AIM OF THE TASK —
Set down the line containing "#329=DIRECTION('',(0.,0.,-1.));" and every line that follows it in the listing below, exactly as written and with nothing added.

LISTED ENTRIES —
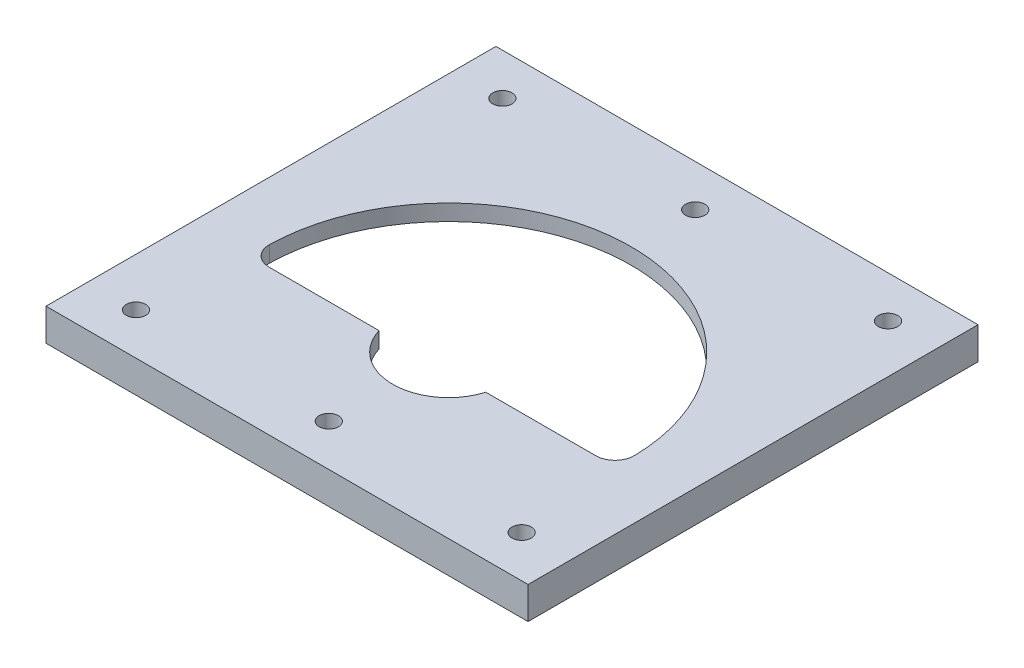
ISO-10303-21;
HEADER;
FILE_DESCRIPTION(('STEP AP214'),'2;1');
FILE_NAME('part.step','',(''),(''),'','','');
FILE_SCHEMA(('AUTOMOTIVE_DESIGN { 1 0 10303 214 1 1 1 1 }'));
ENDSEC;
DATA;
#1=APPLICATION_CONTEXT('core data for automotive mechanical design processes');
#2=APPLICATION_PROTOCOL_DEFINITION('international standard','automotive_design',2000,#1);
#3=PRODUCT_CONTEXT('',#1,'mechanical');
#4=PRODUCT('Part','Part','',(#3));
#5=PRODUCT_RELATED_PRODUCT_CATEGORY('part','',(#4));
#6=PRODUCT_DEFINITION_FORMATION('','',#4);
#7=PRODUCT_DEFINITION_CONTEXT('part definition',#1,'design');
#8=PRODUCT_DEFINITION('design','',#6,#7);
#9=PRODUCT_DEFINITION_SHAPE('','',#8);
#10=(LENGTH_UNIT() NAMED_UNIT(*) SI_UNIT(.MILLI.,.METRE.));
#11=(NAMED_UNIT(*) PLANE_ANGLE_UNIT() SI_UNIT($,.RADIAN.));
#12=(NAMED_UNIT(*) SI_UNIT($,.STERADIAN.) SOLID_ANGLE_UNIT());
#13=UNCERTAINTY_MEASURE_WITH_UNIT(LENGTH_MEASURE(1.E-05),#10,'distance_accuracy_value','');
#14=(GEOMETRIC_REPRESENTATION_CONTEXT(3) GLOBAL_UNCERTAINTY_ASSIGNED_CONTEXT((#13)) GLOBAL_UNIT_ASSIGNED_CONTEXT((#10,
#11,#12)) REPRESENTATION_CONTEXT('',''));
#15=CARTESIAN_POINT('',(0.,0.,0.));
#16=DIRECTION('',(0.,0.,1.));
#17=DIRECTION('',(1.,0.,0.));
#18=AXIS2_PLACEMENT_3D('',#15,#16,#17);
#19=CARTESIAN_POINT('',(25.4100183420751,5.,-0.5));
#20=DIRECTION('',(0.,-1.,0.));
#21=DIRECTION('',(0.,0.,-1.));
#22=AXIS2_PLACEMENT_3D('',#19,#20,#21);
#23=CYLINDRICAL_SURFACE('',#22,3.);
#24=DIRECTION('',(0.,-1.,0.));
#25=VECTOR('',#24,1.);
#26=CARTESIAN_POINT('',(28.4094377177648,5.,-0.559020409495822));
#27=LINE('',#26,#25);
#28=CARTESIAN_POINT('',(28.4094377177648,5.,-0.559020409495822));
#29=VERTEX_POINT('',#28);
#30=CARTESIAN_POINT('',(28.4094377177648,2.5,-0.559020409495822));
#31=VERTEX_POINT('',#30);
#32=EDGE_CURVE('E280',#29,#31,#27,.T.);
#33=ORIENTED_EDGE('',*,*,#32,.T.);
#34=CARTESIAN_POINT('',(25.4100183420751,2.5,-0.5));
#35=DIRECTION('',(0.,-1.,0.));
#36=DIRECTION('',(0.,0.,-1.));
#37=AXIS2_PLACEMENT_3D('',#34,#35,#36);
#38=CIRCLE('',#37,3.);
#39=CARTESIAN_POINT('',(25.4100183420751,2.5,2.5));
#40=VERTEX_POINT('',#39);
#41=EDGE_CURVE('E213',#31,#40,#38,.T.);
#42=ORIENTED_EDGE('',*,*,#41,.T.);
#43=DIRECTION('',(0.,-1.,0.));
#44=VECTOR('',#43,1.);
#45=CARTESIAN_POINT('',(25.4100183420751,5.,2.5));
#46=LINE('',#45,#44);
#47=CARTESIAN_POINT('',(25.4100183420751,5.,2.5));
#48=VERTEX_POINT('',#47);
#49=EDGE_CURVE('E265',#48,#40,#46,.T.);
#50=ORIENTED_EDGE('',*,*,#49,.F.);
#51=CARTESIAN_POINT('',(25.4100183420751,5.,-0.5));
#52=DIRECTION('',(0.,1.,0.));
#53=DIRECTION('',(0.,0.,1.));
#54=AXIS2_PLACEMENT_3D('',#51,#52,#53);
#55=CIRCLE('',#54,3.);
#56=EDGE_CURVE('E250',#48,#29,#55,.T.);
#57=ORIENTED_EDGE('',*,*,#56,.T.);
#58=EDGE_LOOP('',(#33,#42,#50,#57));
#59=FACE_BOUND('',#58,.T.);
#60=ADVANCED_FACE('F37',(#59),#23,.F.);
#61=CARTESIAN_POINT('',(0.,5.,0.));
#62=DIRECTION('',(0.,-1.,0.));
#63=DIRECTION('',(0.,0.,-1.));
#64=AXIS2_PLACEMENT_3D('',#61,#62,#63);
#65=CYLINDRICAL_SURFACE('',#64,28.4149371855331);
#66=DIRECTION('',(0.,-1.,0.));
#67=VECTOR('',#66,1.);
#68=CARTESIAN_POINT('',(-28.4094377177648,5.,-0.55902040949581));
#69=LINE('',#68,#67);
#70=CARTESIAN_POINT('',(-28.4094377177648,5.,-0.55902040949581));
#71=VERTEX_POINT('',#70);
#72=CARTESIAN_POINT('',(-28.4094377177648,2.5,-0.55902040949581));
#73=VERTEX_POINT('',#72);
#74=EDGE_CURVE('E277',#71,#73,#69,.T.);
#75=ORIENTED_EDGE('',*,*,#74,.T.);
#76=CARTESIAN_POINT('',(0.,2.5,0.));
#77=DIRECTION('',(0.,-1.,0.));
#78=DIRECTION('',(0.,0.,-1.));
#79=AXIS2_PLACEMENT_3D('',#76,#77,#78);
#80=CIRCLE('',#79,28.4149371855331);
#81=EDGE_CURVE('E210',#73,#31,#80,.T.);
#82=ORIENTED_EDGE('',*,*,#81,.T.);
#83=ORIENTED_EDGE('',*,*,#32,.F.);
#84=CARTESIAN_POINT('',(0.,5.,0.));
#85=DIRECTION('',(0.,1.,0.));
#86=DIRECTION('',(0.,0.,1.));
#87=AXIS2_PLACEMENT_3D('',#84,#85,#86);
#88=CIRCLE('',#87,28.4149371855331);
#89=EDGE_CURVE('E254',#29,#71,#88,.T.);
#90=ORIENTED_EDGE('',*,*,#89,.T.);
#91=EDGE_LOOP('',(#75,#82,#83,#90));
#92=FACE_BOUND('',#91,.T.);
#93=ADVANCED_FACE('F345',(#92),#65,.F.);
#94=CARTESIAN_POINT('',(-25.4100183420751,5.,-0.5));
#95=DIRECTION('',(0.,-1.,0.));
#96=DIRECTION('',(0.,0.,-1.));
#97=AXIS2_PLACEMENT_3D('',#94,#95,#96);
#98=CYLINDRICAL_SURFACE('',#97,3.);
#99=DIRECTION('',(0.,-1.,0.));
#100=VECTOR('',#99,1.);
#101=CARTESIAN_POINT('',(-25.4100183420751,5.,2.5));
#102=LINE('',#101,#100);
#103=CARTESIAN_POINT('',(-25.4100183420751,5.,2.5));
#104=VERTEX_POINT('',#103);
#105=CARTESIAN_POINT('',(-25.4100183420751,2.5,2.5));
#106=VERTEX_POINT('',#105);
#107=EDGE_CURVE('E274',#104,#106,#102,.T.);
#108=ORIENTED_EDGE('',*,*,#107,.T.);
#109=CARTESIAN_POINT('',(-25.4100183420751,2.5,-0.5));
#110=DIRECTION('',(0.,-1.,0.));
#111=DIRECTION('',(0.,0.,-1.));
#112=AXIS2_PLACEMENT_3D('',#109,#110,#111);
#113=CIRCLE('',#112,3.);
#114=EDGE_CURVE('E207',#106,#73,#113,.T.);
#115=ORIENTED_EDGE('',*,*,#114,.T.);
#116=ORIENTED_EDGE('',*,*,#74,.F.);
#117=CARTESIAN_POINT('',(-25.4100183420751,5.,-0.5));
#118=DIRECTION('',(0.,1.,0.));
#119=DIRECTION('',(0.,0.,1.));
#120=AXIS2_PLACEMENT_3D('',#117,#118,#119);
#121=CIRCLE('',#120,3.);
#122=EDGE_CURVE('E256',#71,#104,#121,.T.);
#123=ORIENTED_EDGE('',*,*,#122,.T.);
#124=EDGE_LOOP('',(#108,#115,#116,#123));
#125=FACE_BOUND('',#124,.T.);
#126=ADVANCED_FACE('F348',(#125),#98,.F.);
#127=CARTESIAN_POINT('',(-25.4100183420751,5.,2.5));
#128=DIRECTION('',(0.,0.,-1.));
#129=DIRECTION('',(-1.,0.,0.));
#130=AXIS2_PLACEMENT_3D('',#127,#128,#129);
#131=PLANE('',#130);
#132=DIRECTION('',(0.,-1.,0.));
#133=VECTOR('',#132,1.);
#134=CARTESIAN_POINT('',(-8.30696244122964,5.,2.5));
#135=LINE('',#134,#133);
#136=CARTESIAN_POINT('',(-8.30696244122964,5.,2.5));
#137=VERTEX_POINT('',#136);
#138=CARTESIAN_POINT('',(-8.30696244122964,2.5,2.5));
#139=VERTEX_POINT('',#138);
#140=EDGE_CURVE('E271',#137,#139,#135,.T.);
#141=ORIENTED_EDGE('',*,*,#140,.T.);
#142=DIRECTION('',(-1.,0.,0.));
#143=VECTOR('',#142,1.);
#144=CARTESIAN_POINT('',(-25.4100183420751,2.5,2.5));
#145=LINE('',#144,#143);
#146=EDGE_CURVE('E204',#139,#106,#145,.T.);
#147=ORIENTED_EDGE('',*,*,#146,.T.);
#148=ORIENTED_EDGE('',*,*,#107,.F.);
#149=DIRECTION('',(1.,0.,0.));
#150=VECTOR('',#149,1.);
#151=CARTESIAN_POINT('',(-25.4100183420751,5.,2.5));
#152=LINE('',#151,#150);
#153=EDGE_CURVE('E258',#104,#137,#152,.T.);
#154=ORIENTED_EDGE('',*,*,#153,.T.);
#155=EDGE_LOOP('',(#141,#147,#148,#154));
#156=FACE_BOUND('',#155,.T.);
#157=ADVANCED_FACE('F352',(#156),#131,.T.);
#158=CARTESIAN_POINT('',(0.,5.,0.));
#159=DIRECTION('',(0.,-1.,0.));
#160=DIRECTION('',(0.,0.,-1.));
#161=AXIS2_PLACEMENT_3D('',#158,#159,#160);
#162=CYLINDRICAL_SURFACE('',#161,8.675);
#163=DIRECTION('',(0.,-1.,0.));
#164=VECTOR('',#163,1.);
#165=CARTESIAN_POINT('',(8.30696244122965,5.,2.5));
#166=LINE('',#165,#164);
#167=CARTESIAN_POINT('',(8.30696244122965,5.,2.5));
#168=VERTEX_POINT('',#167);
#169=CARTESIAN_POINT('',(8.30696244122965,2.5,2.5));
#170=VERTEX_POINT('',#169);
#171=EDGE_CURVE('E268',#168,#170,#166,.T.);
#172=ORIENTED_EDGE('',*,*,#171,.T.);
#173=CARTESIAN_POINT('',(0.,2.5,0.));
#174=DIRECTION('',(0.,-1.,0.));
#175=DIRECTION('',(0.,0.,-1.));
#176=AXIS2_PLACEMENT_3D('',#173,#174,#175);
#177=CIRCLE('',#176,8.675);
#178=EDGE_CURVE('E60',#170,#139,#177,.T.);
#179=ORIENTED_EDGE('',*,*,#178,.T.);
#180=ORIENTED_EDGE('',*,*,#140,.F.);
#181=CARTESIAN_POINT('',(0.,5.,0.));
#182=DIRECTION('',(0.,1.,0.));
#183=DIRECTION('',(0.,0.,1.));
#184=AXIS2_PLACEMENT_3D('',#181,#182,#183);
#185=CIRCLE('',#184,8.675);
#186=EDGE_CURVE('E260',#137,#168,#185,.T.);
#187=ORIENTED_EDGE('',*,*,#186,.T.);
#188=EDGE_LOOP('',(#172,#179,#180,#187));
#189=FACE_BOUND('',#188,.T.);
#190=ADVANCED_FACE('F355',(#189),#162,.F.);
#191=CARTESIAN_POINT('',(8.30696244122964,5.,2.5));
#192=DIRECTION('',(0.,0.,-1.));
#193=DIRECTION('',(-1.,0.,0.));
#194=AXIS2_PLACEMENT_3D('',#191,#192,#193);
#195=PLANE('',#194);
#196=ORIENTED_EDGE('',*,*,#49,.T.);
#197=DIRECTION('',(-1.,0.,0.));
#198=VECTOR('',#197,1.);
#199=CARTESIAN_POINT('',(8.30696244122964,2.5,2.5));
#200=LINE('',#199,#198);
#201=EDGE_CURVE('E11',#40,#170,#200,.T.);
#202=ORIENTED_EDGE('',*,*,#201,.T.);
#203=ORIENTED_EDGE('',*,*,#171,.F.);
#204=DIRECTION('',(1.,0.,0.));
#205=VECTOR('',#204,1.);
#206=CARTESIAN_POINT('',(8.30696244122964,5.,2.5));
#207=LINE('',#206,#205);
#208=EDGE_CURVE('E263',#168,#48,#207,.T.);
#209=ORIENTED_EDGE('',*,*,#208,.T.);
#210=EDGE_LOOP('',(#196,#202,#203,#209));
#211=FACE_BOUND('',#210,.T.);
#212=ADVANCED_FACE('F333',(#211),#195,.T.);
#213=CARTESIAN_POINT('',(0.,5.,0.));
#214=DIRECTION('',(0.,-1.,0.));
#215=DIRECTION('',(0.,0.,-1.));
#216=AXIS2_PLACEMENT_3D('',#213,#214,#215);
#217=PLANE('',#216);
#218=CARTESIAN_POINT('',(-30.,5.,18.6175));
#219=DIRECTION('',(0.,1.,0.));
#220=DIRECTION('',(0.,0.,1.));
#221=AXIS2_PLACEMENT_3D('',#218,#219,#220);
#222=CIRCLE('',#221,1.5);
#223=CARTESIAN_POINT('',(-30.,5.,20.1175));
#224=VERTEX_POINT('',#223);
#225=EDGE_CURVE('E227',#224,#224,#222,.T.);
#226=ORIENTED_EDGE('',*,*,#225,.F.);
#227=EDGE_LOOP('',(#226));
#228=FACE_BOUND('',#227,.T.);
#229=CARTESIAN_POINT('',(0.,5.,18.6175));
#230=DIRECTION('',(0.,1.,0.));
#231=DIRECTION('',(0.,0.,1.));
#232=AXIS2_PLACEMENT_3D('',#229,#230,#231);
#233=CIRCLE('',#232,1.5);
#234=CARTESIAN_POINT('',(0.,5.,20.1175));
#235=VERTEX_POINT('',#234);
#236=EDGE_CURVE('E233',#235,#235,#233,.T.);
#237=ORIENTED_EDGE('',*,*,#236,.F.);
#238=EDGE_LOOP('',(#237));
#239=FACE_BOUND('',#238,.T.);
#240=CARTESIAN_POINT('',(30.,5.,18.6175));
#241=DIRECTION('',(0.,1.,0.));
#242=DIRECTION('',(0.,0.,1.));
#243=AXIS2_PLACEMENT_3D('',#240,#241,#242);
#244=CIRCLE('',#243,1.50000000000001);
#245=CARTESIAN_POINT('',(30.,5.,20.1175));
#246=VERTEX_POINT('',#245);
#247=EDGE_CURVE('E239',#246,#246,#244,.T.);
#248=ORIENTED_EDGE('',*,*,#247,.F.);
#249=EDGE_LOOP('',(#248));
#250=FACE_BOUND('',#249,.T.);
#251=CARTESIAN_POINT('',(30.,5.,-38.3825));
#252=DIRECTION('',(0.,1.,0.));
#253=DIRECTION('',(0.,0.,1.));
#254=AXIS2_PLACEMENT_3D('',#251,#252,#253);
#255=CIRCLE('',#254,1.50000000000001);
#256=CARTESIAN_POINT('',(30.,5.,-36.8825));
#257=VERTEX_POINT('',#256);
#258=EDGE_CURVE('E220',#257,#257,#255,.T.);
#259=ORIENTED_EDGE('',*,*,#258,.F.);
#260=EDGE_LOOP('',(#259));
#261=FACE_BOUND('',#260,.T.);
#262=CARTESIAN_POINT('',(0.,5.,-38.3825));
#263=DIRECTION('',(0.,1.,0.));
#264=DIRECTION('',(0.,0.,1.));
#265=AXIS2_PLACEMENT_3D('',#262,#263,#264);
#266=CIRCLE('',#265,1.5);
#267=CARTESIAN_POINT('',(0.,5.,-36.8825));
#268=VERTEX_POINT('',#267);
#269=EDGE_CURVE('E216',#268,#268,#266,.T.);
#270=ORIENTED_EDGE('',*,*,#269,.F.);
#271=EDGE_LOOP('',(#270));
#272=FACE_BOUND('',#271,.T.);
#273=CARTESIAN_POINT('',(-30.,5.,-38.3825));
#274=DIRECTION('',(0.,1.,0.));
#275=DIRECTION('',(0.,0.,1.));
#276=AXIS2_PLACEMENT_3D('',#273,#274,#275);
#277=CIRCLE('',#276,1.5);
#278=CARTESIAN_POINT('',(-30.,5.,-36.8825000000001));
#279=VERTEX_POINT('',#278);
#280=EDGE_CURVE('E226',#279,#279,#277,.T.);
#281=ORIENTED_EDGE('',*,*,#280,.F.);
#282=EDGE_LOOP('',(#281));
#283=FACE_BOUND('',#282,.T.);
#284=DIRECTION('',(0.,0.,1.));
#285=VECTOR('',#284,1.);
#286=CARTESIAN_POINT('',(-37.5,5.,25.1175));
#287=LINE('',#286,#285);
#288=CARTESIAN_POINT('',(-37.5,5.,-44.8825000000001));
#289=VERTEX_POINT('',#288);
#290=CARTESIAN_POINT('',(-37.5,5.,25.1175));
#291=VERTEX_POINT('',#290);
#292=EDGE_CURVE('E284',#289,#291,#287,.T.);
#293=ORIENTED_EDGE('',*,*,#292,.T.);
#294=DIRECTION('',(1.,0.,0.));
#295=VECTOR('',#294,1.);
#296=CARTESIAN_POINT('',(-37.5,5.,25.1175));
#297=LINE('',#296,#295);
#298=CARTESIAN_POINT('',(37.5,5.,25.1175));
#299=VERTEX_POINT('',#298);
#300=EDGE_CURVE('E287',#291,#299,#297,.T.);
#301=ORIENTED_EDGE('',*,*,#300,.T.);
#302=DIRECTION('',(0.,0.,-1.));
#303=VECTOR('',#302,1.);
#304=CARTESIAN_POINT('',(37.5,5.,25.1175));
#305=LINE('',#304,#303);
#306=CARTESIAN_POINT('',(37.5,5.,-44.8825000000001));
#307=VERTEX_POINT('',#306);
#308=EDGE_CURVE('E290',#299,#307,#305,.T.);
#309=ORIENTED_EDGE('',*,*,#308,.T.);
#310=DIRECTION('',(-1.,0.,0.));
#311=VECTOR('',#310,1.);
#312=CARTESIAN_POINT('',(-37.5,5.,-44.8825000000001));
#313=LINE('',#312,#311);
#314=EDGE_CURVE('E292',#307,#289,#313,.T.);
#315=ORIENTED_EDGE('',*,*,#314,.T.);
#316=EDGE_LOOP('',(#293,#301,#309,#315));
#317=FACE_BOUND('',#316,.T.);
#318=ORIENTED_EDGE('',*,*,#56,.F.);
#319=ORIENTED_EDGE('',*,*,#208,.F.);
#320=ORIENTED_EDGE('',*,*,#186,.F.);
#321=ORIENTED_EDGE('',*,*,#153,.F.);
#322=ORIENTED_EDGE('',*,*,#122,.F.);
#323=ORIENTED_EDGE('',*,*,#89,.F.);
#324=EDGE_LOOP('',(#318,#319,#320,#321,#322,#323));
#325=FACE_BOUND('',#324,.T.);
#326=ADVANCED_FACE('F330',(#228,#239,#250,#261,#272,#283,#317,#325),#217,.F.);
#327=CARTESIAN_POINT('',(0.,0.,0.));
#328=DIRECTION('',(0.,-1.,0.));
#329=DIRECTION('',(0.,0.,-1.));
#330=AXIS2_PLACEMENT_3D('',#327,#328,#329);
#331=PLANE('',#330);
#332=CARTESIAN_POINT('',(0.,0.,0.));
#333=DIRECTION('',(0.,-1.,0.));
#334=DIRECTION('',(0.,0.,-1.));
#335=AXIS2_PLACEMENT_3D('',#332,#333,#334);
#336=CIRCLE('',#335,13.675);
#337=CARTESIAN_POINT('',(11.4348425874605,0.,7.5));
#338=VERTEX_POINT('',#337);
#339=CARTESIAN_POINT('',(-11.4348425874605,0.,7.5));
#340=VERTEX_POINT('',#339);
#341=EDGE_CURVE('E52',#338,#340,#336,.T.);
#342=ORIENTED_EDGE('',*,*,#341,.F.);
#343=DIRECTION('',(-1.,0.,0.));
#344=VECTOR('',#343,1.);
#345=CARTESIAN_POINT('',(25.4100183420751,0.,7.5));
#346=LINE('',#345,#344);
#347=CARTESIAN_POINT('',(25.4100183420751,0.,7.5));
#348=VERTEX_POINT('',#347);
#349=EDGE_CURVE('E170',#348,#338,#346,.T.);
#350=ORIENTED_EDGE('',*,*,#349,.F.);
#351=CARTESIAN_POINT('',(25.4100183420751,0.,-0.5));
#352=DIRECTION('',(0.,-1.,0.));
#353=DIRECTION('',(0.,0.,-1.));
#354=AXIS2_PLACEMENT_3D('',#351,#352,#353);
#355=CIRCLE('',#354,8.);
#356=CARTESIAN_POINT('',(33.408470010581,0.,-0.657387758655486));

WRITTEN RESPONSE —
#329=DIRECTION('',(0.,0.,-1.));
#330=AXIS2_PLACEMENT_3D('',#327,#328,#329);
#331=PLANE('',#330);
#332=CARTESIAN_POINT('',(0.,0.,0.));
#333=DIRECTION('',(0.,-1.,0.));
#334=DIRECTION('',(0.,0.,-1.));
#335=AXIS2_PLACEMENT_3D('',#332,#333,#334);
#336=CIRCLE('',#335,13.675);
#337=CARTESIAN_POINT('',(11.4348425874605,0.,7.5));
#338=VERTEX_POINT('',#337);
#339=CARTESIAN_POINT('',(-11.4348425874605,0.,7.5));
#340=VERTEX_POINT('',#339);
#341=EDGE_CURVE('E52',#338,#340,#336,.T.);
#342=ORIENTED_EDGE('',*,*,#341,.F.);
#343=DIRECTION('',(-1.,0.,0.));
#344=VECTOR('',#343,1.);
#345=CARTESIAN_POINT('',(25.4100183420751,0.,7.5));
#346=LINE('',#345,#344);
#347=CARTESIAN_POINT('',(25.4100183420751,0.,7.5));
#348=VERTEX_POINT('',#347);
#349=EDGE_CURVE('E170',#348,#338,#346,.T.);
#350=ORIENTED_EDGE('',*,*,#349,.F.);
#351=CARTESIAN_POINT('',(25.4100183420751,0.,-0.5));
#352=DIRECTION('',(0.,-1.,0.));
#353=DIRECTION('',(0.,0.,-1.));
#354=AXIS2_PLACEMENT_3D('',#351,#352,#353);
#355=CIRCLE('',#354,8.);
#356=CARTESIAN_POINT('',(33.408470010581,0.,-0.657387758655486));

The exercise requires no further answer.